Es macht einen Unterschied, ob wir uns in dieser Situation auf die Angst und die Abwehr fokussieren oder den Blick eher auf die Chancen richten, die vielleicht auch in dieser neuen ungewohnten Situation zu entdecken sind. Den Geist offen und empfänglich halten stärkt uns auch in dieser Zeit, stärkt auch unsere Gesundheit und die Resilienz, unsere Widerstandskraft.

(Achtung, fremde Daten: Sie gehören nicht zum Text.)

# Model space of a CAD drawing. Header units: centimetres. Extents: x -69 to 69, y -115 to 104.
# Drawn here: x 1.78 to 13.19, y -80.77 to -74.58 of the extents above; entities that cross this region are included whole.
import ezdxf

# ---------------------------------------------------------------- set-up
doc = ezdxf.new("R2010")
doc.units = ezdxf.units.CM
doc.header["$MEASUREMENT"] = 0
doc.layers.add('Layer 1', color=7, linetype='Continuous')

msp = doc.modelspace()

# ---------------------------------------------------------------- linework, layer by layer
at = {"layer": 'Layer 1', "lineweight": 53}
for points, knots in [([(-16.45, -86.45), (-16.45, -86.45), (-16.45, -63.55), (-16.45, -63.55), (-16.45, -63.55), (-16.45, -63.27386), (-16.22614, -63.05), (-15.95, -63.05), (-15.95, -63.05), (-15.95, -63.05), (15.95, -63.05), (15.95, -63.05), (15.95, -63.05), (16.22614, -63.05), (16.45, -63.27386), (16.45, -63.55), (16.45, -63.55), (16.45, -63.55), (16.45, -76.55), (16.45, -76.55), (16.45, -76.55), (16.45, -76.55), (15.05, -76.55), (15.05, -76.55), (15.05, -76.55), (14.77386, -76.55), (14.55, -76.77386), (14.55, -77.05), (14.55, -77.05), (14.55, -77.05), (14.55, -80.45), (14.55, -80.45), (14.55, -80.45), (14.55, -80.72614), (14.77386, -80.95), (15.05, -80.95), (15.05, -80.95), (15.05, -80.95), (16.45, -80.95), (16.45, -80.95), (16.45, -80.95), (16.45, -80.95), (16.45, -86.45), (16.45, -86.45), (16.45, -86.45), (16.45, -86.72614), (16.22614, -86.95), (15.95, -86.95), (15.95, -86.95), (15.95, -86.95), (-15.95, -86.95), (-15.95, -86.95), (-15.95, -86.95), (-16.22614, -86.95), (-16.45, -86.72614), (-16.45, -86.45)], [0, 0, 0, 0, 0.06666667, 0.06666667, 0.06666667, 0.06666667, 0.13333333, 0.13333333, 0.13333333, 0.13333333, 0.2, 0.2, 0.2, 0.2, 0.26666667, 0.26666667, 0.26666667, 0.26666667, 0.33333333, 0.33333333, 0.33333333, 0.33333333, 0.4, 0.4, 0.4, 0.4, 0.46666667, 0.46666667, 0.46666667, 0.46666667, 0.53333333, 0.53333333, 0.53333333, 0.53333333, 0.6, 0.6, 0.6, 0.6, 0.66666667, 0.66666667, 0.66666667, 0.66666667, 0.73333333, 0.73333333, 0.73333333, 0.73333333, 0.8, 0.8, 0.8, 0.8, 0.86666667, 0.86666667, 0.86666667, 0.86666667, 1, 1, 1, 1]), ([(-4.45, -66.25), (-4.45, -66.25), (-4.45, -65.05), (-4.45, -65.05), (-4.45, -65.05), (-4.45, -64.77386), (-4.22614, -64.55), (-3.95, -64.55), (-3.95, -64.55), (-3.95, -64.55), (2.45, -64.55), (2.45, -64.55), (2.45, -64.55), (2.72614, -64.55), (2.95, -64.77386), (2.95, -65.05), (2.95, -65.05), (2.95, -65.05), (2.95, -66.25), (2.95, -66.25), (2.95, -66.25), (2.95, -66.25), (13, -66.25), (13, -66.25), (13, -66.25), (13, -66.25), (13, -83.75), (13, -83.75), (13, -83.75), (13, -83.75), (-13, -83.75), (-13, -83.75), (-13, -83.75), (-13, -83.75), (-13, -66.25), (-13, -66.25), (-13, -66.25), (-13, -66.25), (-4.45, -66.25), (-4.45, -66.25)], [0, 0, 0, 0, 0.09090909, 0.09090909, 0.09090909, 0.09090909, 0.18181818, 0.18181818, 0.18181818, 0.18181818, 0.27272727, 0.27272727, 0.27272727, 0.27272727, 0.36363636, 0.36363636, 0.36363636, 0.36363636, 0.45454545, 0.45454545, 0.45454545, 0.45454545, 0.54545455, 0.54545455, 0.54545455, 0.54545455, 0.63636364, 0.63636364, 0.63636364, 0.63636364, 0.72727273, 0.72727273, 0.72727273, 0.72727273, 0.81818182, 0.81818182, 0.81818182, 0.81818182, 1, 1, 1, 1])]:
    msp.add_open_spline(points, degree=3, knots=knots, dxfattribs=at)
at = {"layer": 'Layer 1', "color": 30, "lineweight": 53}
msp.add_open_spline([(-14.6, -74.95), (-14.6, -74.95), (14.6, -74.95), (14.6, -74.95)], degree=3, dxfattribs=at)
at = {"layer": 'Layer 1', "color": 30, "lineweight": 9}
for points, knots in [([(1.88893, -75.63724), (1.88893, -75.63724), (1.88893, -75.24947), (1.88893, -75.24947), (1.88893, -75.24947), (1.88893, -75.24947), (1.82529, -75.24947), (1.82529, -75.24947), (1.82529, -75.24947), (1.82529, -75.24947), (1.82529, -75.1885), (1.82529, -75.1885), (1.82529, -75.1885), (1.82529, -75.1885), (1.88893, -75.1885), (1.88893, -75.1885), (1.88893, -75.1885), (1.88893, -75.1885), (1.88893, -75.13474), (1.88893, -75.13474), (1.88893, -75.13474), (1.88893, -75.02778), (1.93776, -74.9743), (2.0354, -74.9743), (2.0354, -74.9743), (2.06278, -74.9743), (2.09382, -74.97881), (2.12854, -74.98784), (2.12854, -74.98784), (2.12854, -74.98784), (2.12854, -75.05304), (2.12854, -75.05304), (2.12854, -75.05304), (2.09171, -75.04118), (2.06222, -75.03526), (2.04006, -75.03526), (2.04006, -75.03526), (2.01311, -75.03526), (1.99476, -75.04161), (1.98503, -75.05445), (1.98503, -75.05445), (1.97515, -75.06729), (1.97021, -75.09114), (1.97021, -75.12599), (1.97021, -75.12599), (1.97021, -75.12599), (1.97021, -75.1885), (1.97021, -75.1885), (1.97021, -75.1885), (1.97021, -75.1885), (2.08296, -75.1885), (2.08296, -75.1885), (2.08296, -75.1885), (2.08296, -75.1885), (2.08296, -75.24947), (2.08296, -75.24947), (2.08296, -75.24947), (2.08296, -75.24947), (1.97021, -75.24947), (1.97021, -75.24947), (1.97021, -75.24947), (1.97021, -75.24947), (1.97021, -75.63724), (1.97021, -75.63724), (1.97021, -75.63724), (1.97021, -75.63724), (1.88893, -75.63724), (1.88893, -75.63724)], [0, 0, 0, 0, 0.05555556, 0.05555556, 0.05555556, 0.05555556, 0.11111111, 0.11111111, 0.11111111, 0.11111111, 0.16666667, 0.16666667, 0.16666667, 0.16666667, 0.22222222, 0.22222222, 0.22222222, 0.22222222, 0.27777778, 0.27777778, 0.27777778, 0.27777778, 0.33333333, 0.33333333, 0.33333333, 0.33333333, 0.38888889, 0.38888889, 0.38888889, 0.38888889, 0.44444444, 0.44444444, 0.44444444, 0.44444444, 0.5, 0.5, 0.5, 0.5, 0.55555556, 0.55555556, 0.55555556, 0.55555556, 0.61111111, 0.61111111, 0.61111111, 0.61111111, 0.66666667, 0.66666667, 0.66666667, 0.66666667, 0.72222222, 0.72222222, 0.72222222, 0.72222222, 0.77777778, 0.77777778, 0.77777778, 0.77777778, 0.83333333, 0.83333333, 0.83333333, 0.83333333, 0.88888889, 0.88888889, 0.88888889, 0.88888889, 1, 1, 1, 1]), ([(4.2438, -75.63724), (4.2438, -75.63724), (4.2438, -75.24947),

Diese innere Haltung üben wir beim Qigong, beim Taichi und in der Meditation. Ich hoffe, wir können es bald wieder gemeinsam praktizieren!
Von den Bäumen lernen
21.04.2020
„Wenn die Wurzeln stark sind, braucht man den Wind nicht zu fürchten.“

Die Kraft, die in dieser alten Weisheit angesprochen wird, können wir heute mit dem Begriff Resilienz benennen. Resilienz bezeichnet die Fähigkeit, gestärkt aus Krisen hervorzugehen.

Die jetzige Corona-Krise fordert unsere Resilienz heraus, unsere individuelle Widerstandkraft wie auch die unserer Gesellschaft. Kräftige Wurzeln der Gesellschaft zeigen sich unter anderem in einem gut ausgebauten und sozial gerechten Gesundheitssystem, in einer Wirtschaft, die sich an den Grundbedürfnissen der Menschen orientiert und auf politischer Ebene an gut verankerten demokratischen Strukturen.

Wie sind wir als Individuum verwurzelt? Was macht unsere Wurzeln aus? In wie weit sind wir bei uns selbst wirklich zu Hause? Vielleicht stellen sich diese Fragen in der Krise für uns auf neue Weise. Hilfreich ist dabei die Achtsamkeit, die wir auch im Qigong, beim Taichi und in der Meditation üben, Wahrnehmen und Annehmen was ist, um adäquat zu handeln und mit Achtsamkeit und Wertschätzung uns selbst und anderen zu begegnen.

Dazu gehört auch das Annehmen der eigenen Hilflosigkeit angesichts einer unbekannten Situation, aber auch das Wahrnehmen unserer tiefen Bedürfnisse wie Kontakt, Berührung, Verbundenheit und Gemeinschaft. In dieser Zeit des Abstandhaltens wird besonders deutlich, was uns wirklich wichtig ist, und andererseits was wir gar nicht brauchen.
Wenn jetzt die Einschränkungen wieder gelockert werden, tut es sicher gut, weiter achtsam zu bleiben und bewusst auszuwählen, was uns gut tut (und auch für das Klima gut ist!) und was wir auch weiterhin weglassen wollen. Die Situation ist vielleicht vergleichbar mit dem Fasten. Wer schon mal für ein paar Tage oder eine Woche gefastet hat, weiß, dass das Fasten brechen mit die schwierigste Herausforderung ist. Um nicht gleich wieder in die alten Verhaltensmuster zurückzufallen, ist es wichtig, die Achtsamkeit sich selbst gegenüber zu behalten und mit Bewusstheit und Ruhe mit dem Essen zu beginnen.

Genauso können wir uns auf die Zeit nach den Einschränkungen vorbereiten und uns schon jetzt die Frage stellen: Wie wollen wir leben? Bei einem gesunden Baum wachsen die Wurzeln im Gleichgewicht mit der Krone. Je tiefer er verwurzelt ist und mit den nötigen Nährstoffen versorgt wird desto freier kann sich seine Krone entfalten. Vielleicht können wir als Einzelne und als Gesellschaft von den Bäumen lernen!